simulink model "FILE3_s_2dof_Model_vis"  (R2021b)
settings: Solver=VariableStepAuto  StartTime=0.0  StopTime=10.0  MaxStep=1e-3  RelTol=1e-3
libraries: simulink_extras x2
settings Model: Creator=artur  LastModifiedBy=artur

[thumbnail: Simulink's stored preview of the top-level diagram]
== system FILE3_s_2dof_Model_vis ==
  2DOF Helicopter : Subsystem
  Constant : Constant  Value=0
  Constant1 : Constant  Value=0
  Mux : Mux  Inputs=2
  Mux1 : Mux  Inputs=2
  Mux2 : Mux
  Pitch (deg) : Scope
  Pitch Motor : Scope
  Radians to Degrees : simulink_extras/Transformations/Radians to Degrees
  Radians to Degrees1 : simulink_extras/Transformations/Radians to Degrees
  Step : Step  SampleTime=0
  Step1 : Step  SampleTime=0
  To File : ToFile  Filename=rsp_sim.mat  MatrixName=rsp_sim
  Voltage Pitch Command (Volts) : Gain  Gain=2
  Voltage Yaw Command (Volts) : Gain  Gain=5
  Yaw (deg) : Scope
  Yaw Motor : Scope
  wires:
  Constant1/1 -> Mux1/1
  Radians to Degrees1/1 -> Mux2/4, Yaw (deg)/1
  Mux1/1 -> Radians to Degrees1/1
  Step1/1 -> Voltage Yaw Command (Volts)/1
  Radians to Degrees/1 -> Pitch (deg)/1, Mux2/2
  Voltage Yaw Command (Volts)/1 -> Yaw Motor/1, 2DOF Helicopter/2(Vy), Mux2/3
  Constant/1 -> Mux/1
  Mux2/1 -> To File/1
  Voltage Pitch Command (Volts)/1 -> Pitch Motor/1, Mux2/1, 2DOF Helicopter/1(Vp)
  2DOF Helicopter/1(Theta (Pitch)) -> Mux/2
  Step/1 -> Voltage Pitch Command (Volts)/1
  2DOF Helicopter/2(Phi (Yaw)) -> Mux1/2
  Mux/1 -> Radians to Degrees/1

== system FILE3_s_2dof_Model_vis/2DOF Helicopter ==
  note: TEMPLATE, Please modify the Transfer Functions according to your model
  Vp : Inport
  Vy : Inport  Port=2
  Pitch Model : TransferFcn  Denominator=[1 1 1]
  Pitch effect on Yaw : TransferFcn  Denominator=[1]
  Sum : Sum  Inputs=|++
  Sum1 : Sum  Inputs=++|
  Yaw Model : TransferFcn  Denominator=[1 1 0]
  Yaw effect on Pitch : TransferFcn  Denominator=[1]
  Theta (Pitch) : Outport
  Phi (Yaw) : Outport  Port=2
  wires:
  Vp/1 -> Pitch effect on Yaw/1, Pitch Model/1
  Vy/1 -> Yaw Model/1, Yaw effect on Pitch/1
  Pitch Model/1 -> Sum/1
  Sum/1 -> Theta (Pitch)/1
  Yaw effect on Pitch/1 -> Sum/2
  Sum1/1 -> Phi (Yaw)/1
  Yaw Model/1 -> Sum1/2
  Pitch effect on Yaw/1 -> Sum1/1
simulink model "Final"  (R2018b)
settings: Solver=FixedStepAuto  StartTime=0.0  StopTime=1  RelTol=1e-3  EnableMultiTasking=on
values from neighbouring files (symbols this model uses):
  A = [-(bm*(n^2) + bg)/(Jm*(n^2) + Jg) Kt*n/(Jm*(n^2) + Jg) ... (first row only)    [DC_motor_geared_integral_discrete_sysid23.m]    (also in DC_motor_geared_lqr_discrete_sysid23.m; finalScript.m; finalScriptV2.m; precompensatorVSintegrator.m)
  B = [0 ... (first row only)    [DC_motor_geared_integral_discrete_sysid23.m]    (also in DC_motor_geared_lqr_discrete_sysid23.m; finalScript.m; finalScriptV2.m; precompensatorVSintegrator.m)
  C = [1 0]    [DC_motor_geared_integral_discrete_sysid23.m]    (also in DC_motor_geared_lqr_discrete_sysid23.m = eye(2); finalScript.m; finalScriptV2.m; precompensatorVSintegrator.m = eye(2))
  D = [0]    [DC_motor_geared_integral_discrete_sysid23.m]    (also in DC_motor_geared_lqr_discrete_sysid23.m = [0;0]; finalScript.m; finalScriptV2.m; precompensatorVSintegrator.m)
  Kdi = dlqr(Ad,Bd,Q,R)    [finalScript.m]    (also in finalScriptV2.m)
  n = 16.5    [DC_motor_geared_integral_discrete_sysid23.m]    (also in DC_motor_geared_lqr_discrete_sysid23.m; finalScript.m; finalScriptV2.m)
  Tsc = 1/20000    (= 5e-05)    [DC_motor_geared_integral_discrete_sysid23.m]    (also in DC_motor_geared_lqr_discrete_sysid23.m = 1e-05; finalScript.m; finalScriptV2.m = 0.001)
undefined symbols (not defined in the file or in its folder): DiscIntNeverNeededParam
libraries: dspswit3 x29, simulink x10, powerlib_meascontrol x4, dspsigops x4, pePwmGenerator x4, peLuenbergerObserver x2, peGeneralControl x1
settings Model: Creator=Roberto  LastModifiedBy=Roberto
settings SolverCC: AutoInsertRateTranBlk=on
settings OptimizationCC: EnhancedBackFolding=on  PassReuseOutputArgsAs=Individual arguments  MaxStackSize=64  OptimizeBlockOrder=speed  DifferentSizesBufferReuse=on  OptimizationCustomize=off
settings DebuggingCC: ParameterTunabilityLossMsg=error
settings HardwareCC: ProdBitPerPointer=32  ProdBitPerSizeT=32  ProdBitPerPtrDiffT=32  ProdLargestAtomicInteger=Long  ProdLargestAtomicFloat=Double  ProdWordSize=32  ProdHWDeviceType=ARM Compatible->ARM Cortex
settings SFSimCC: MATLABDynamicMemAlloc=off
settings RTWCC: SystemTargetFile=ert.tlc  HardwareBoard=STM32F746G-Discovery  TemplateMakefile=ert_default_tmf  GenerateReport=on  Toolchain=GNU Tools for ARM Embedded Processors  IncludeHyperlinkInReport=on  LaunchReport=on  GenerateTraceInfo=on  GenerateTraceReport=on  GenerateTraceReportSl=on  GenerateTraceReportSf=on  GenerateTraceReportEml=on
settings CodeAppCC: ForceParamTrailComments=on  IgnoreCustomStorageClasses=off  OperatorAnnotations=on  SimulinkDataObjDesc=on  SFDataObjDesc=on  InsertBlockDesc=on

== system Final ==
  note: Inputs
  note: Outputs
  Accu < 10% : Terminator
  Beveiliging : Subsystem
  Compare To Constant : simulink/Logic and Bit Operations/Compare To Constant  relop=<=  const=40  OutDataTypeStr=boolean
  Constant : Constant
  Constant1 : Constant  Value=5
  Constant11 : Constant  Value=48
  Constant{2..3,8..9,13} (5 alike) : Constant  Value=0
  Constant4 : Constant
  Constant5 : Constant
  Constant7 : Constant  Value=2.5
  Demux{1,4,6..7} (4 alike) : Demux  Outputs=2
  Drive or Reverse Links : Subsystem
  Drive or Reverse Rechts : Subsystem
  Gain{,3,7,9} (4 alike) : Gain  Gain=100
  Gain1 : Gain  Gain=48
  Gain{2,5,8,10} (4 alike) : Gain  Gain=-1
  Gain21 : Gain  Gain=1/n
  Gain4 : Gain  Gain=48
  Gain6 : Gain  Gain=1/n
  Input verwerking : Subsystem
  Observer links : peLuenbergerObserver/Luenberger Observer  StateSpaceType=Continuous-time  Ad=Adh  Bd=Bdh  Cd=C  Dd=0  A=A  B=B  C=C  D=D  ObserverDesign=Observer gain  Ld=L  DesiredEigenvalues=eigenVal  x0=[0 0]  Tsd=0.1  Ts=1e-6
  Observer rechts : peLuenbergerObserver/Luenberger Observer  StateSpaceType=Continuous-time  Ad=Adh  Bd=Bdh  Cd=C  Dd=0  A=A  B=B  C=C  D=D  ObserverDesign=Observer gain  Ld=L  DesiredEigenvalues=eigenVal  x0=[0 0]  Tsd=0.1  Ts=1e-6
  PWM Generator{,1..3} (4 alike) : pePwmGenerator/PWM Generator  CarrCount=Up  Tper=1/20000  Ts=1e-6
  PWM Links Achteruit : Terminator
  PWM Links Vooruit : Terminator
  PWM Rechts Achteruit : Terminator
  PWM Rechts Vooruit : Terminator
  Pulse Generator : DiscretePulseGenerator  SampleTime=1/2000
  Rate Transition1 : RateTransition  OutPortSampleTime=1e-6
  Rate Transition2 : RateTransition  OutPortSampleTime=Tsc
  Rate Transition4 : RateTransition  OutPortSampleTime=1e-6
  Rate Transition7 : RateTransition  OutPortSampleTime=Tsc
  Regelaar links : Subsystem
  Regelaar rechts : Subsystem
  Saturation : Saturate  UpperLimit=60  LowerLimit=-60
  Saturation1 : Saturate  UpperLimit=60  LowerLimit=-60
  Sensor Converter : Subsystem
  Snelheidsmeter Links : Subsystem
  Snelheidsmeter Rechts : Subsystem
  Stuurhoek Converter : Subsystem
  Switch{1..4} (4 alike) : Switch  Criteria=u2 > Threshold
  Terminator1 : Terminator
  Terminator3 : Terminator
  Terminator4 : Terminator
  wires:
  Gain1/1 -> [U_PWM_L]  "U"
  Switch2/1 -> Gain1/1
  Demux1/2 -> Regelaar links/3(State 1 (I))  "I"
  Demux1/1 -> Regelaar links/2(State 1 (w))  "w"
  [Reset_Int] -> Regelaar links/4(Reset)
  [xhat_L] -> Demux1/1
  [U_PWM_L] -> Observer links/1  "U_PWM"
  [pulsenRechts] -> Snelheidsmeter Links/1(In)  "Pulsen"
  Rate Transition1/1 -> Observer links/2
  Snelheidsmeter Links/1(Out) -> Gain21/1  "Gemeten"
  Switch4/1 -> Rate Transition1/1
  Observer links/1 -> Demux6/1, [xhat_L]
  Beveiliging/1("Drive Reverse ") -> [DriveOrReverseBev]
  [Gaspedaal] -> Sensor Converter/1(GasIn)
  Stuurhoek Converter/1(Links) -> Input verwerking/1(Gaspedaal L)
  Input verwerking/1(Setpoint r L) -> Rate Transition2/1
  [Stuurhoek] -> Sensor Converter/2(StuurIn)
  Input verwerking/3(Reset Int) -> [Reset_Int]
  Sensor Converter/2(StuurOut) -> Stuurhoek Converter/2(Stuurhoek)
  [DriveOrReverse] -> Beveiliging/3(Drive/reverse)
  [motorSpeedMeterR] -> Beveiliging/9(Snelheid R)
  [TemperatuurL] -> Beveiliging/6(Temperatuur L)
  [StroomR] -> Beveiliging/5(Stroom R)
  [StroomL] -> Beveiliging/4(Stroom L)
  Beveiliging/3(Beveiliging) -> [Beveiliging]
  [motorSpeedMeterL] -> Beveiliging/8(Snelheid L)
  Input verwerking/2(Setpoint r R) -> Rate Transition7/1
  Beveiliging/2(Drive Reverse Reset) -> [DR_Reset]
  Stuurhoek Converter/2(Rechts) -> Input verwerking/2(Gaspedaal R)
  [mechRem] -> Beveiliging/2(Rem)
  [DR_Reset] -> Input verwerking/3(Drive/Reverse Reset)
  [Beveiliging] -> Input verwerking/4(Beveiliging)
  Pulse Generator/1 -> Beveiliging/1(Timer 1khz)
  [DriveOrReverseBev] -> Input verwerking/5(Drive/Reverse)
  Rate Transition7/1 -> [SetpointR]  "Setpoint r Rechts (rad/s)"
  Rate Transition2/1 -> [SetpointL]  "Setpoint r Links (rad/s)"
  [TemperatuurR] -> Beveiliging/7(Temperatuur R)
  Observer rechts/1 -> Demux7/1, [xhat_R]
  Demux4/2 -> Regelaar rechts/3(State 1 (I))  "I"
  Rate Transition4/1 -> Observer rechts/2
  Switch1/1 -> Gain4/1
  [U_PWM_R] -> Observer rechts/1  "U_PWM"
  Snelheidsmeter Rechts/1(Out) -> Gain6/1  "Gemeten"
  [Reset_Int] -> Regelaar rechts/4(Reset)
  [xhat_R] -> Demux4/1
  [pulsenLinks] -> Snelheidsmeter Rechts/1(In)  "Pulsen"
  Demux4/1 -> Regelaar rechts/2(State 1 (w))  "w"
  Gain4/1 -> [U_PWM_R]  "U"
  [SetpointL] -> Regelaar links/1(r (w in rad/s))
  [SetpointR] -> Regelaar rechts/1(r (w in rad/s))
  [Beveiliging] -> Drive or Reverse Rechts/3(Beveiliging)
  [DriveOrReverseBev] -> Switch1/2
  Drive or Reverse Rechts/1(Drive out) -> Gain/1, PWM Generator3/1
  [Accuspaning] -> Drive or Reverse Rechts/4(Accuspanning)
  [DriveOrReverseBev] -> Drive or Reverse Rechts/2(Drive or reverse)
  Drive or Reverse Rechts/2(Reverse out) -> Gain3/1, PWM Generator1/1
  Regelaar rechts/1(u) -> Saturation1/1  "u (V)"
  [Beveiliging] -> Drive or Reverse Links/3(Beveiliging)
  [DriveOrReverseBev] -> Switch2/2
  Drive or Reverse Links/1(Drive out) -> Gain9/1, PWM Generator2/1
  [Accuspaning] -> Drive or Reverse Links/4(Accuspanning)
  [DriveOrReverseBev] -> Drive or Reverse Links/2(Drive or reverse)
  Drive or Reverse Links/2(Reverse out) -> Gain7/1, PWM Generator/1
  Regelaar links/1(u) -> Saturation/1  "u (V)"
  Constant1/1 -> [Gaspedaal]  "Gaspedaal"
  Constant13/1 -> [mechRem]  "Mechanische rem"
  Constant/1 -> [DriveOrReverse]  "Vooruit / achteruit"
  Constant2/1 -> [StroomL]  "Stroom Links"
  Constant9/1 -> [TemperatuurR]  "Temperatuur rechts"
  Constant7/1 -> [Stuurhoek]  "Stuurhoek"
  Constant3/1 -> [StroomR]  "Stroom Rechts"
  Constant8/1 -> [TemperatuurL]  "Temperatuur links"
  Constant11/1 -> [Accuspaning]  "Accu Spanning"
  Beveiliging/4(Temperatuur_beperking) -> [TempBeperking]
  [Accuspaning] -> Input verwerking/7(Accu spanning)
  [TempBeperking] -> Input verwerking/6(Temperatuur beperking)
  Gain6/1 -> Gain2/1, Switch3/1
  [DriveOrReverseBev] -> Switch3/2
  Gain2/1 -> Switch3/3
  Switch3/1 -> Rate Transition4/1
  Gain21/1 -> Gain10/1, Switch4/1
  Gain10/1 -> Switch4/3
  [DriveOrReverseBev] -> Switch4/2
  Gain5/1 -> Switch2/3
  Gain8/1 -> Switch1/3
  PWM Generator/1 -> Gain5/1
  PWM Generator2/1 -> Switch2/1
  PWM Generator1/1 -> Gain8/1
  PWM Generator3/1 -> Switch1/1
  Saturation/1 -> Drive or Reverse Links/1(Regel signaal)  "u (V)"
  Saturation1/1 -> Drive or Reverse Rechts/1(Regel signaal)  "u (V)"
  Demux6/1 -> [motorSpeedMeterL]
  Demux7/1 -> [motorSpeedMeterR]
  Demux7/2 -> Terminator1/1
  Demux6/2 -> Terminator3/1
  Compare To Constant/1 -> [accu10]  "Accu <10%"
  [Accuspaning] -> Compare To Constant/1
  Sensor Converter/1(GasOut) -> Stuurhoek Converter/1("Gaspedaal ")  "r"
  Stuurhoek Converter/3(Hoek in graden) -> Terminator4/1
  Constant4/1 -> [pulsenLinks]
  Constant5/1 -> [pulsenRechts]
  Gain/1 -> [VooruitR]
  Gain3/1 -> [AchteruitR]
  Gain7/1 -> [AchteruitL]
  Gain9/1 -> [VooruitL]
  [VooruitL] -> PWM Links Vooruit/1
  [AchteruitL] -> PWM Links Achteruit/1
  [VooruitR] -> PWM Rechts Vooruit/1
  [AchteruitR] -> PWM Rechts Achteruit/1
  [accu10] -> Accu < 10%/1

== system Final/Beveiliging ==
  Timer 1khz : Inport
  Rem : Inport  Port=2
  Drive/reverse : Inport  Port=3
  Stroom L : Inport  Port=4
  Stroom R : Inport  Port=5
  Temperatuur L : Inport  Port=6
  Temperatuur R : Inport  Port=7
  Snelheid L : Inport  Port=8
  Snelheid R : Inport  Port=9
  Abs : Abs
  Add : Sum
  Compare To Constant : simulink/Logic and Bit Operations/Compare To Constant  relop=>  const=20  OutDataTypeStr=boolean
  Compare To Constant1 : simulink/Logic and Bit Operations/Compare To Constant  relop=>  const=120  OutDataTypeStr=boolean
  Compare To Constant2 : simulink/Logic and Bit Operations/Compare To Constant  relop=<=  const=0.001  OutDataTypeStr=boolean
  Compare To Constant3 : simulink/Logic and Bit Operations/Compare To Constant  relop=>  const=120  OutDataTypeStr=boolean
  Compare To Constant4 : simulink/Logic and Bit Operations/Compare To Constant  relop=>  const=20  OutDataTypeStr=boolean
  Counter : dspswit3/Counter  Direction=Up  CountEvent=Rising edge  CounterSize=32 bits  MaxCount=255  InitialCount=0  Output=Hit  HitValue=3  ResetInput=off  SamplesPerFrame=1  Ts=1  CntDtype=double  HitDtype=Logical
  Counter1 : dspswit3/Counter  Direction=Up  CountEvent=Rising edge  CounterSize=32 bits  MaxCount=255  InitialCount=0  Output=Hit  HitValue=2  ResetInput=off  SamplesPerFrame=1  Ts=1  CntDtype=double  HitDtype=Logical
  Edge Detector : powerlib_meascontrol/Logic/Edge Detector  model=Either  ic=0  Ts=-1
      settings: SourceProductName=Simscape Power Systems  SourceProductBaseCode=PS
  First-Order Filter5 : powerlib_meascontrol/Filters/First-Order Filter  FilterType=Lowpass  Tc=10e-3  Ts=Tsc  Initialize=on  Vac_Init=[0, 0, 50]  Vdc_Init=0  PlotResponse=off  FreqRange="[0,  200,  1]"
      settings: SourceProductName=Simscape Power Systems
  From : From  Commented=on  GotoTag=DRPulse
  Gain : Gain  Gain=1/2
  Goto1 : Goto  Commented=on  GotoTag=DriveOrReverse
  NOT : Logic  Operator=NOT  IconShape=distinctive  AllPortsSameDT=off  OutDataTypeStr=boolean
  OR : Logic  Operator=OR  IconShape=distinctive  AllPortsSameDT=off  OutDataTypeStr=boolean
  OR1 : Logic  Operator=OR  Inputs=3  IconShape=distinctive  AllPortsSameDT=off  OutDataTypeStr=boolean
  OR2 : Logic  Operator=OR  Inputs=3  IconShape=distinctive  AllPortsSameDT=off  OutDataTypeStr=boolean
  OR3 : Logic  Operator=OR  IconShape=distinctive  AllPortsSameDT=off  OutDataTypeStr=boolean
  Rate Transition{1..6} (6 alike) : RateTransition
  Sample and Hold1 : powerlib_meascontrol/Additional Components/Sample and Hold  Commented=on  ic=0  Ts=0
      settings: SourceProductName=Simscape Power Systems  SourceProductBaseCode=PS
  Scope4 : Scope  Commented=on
# # # # # # #
:: Exercise instructions ::
Please, from the entries above, set down exactly the lines from the one containing "Yaw Model/1 -> Sum1/2" through the one containing "values from neighbouring", and only those.

:: Result ::
  Yaw Model/1 -> Sum1/2
  Pitch effect on Yaw/1 -> Sum1/1
simulink model "Final"  (R2018b)
settings: Solver=FixedStepAuto  StartTime=0.0  StopTime=1  RelTol=1e-3  EnableMultiTasking=on
values from neighbouring files (symbols this model uses):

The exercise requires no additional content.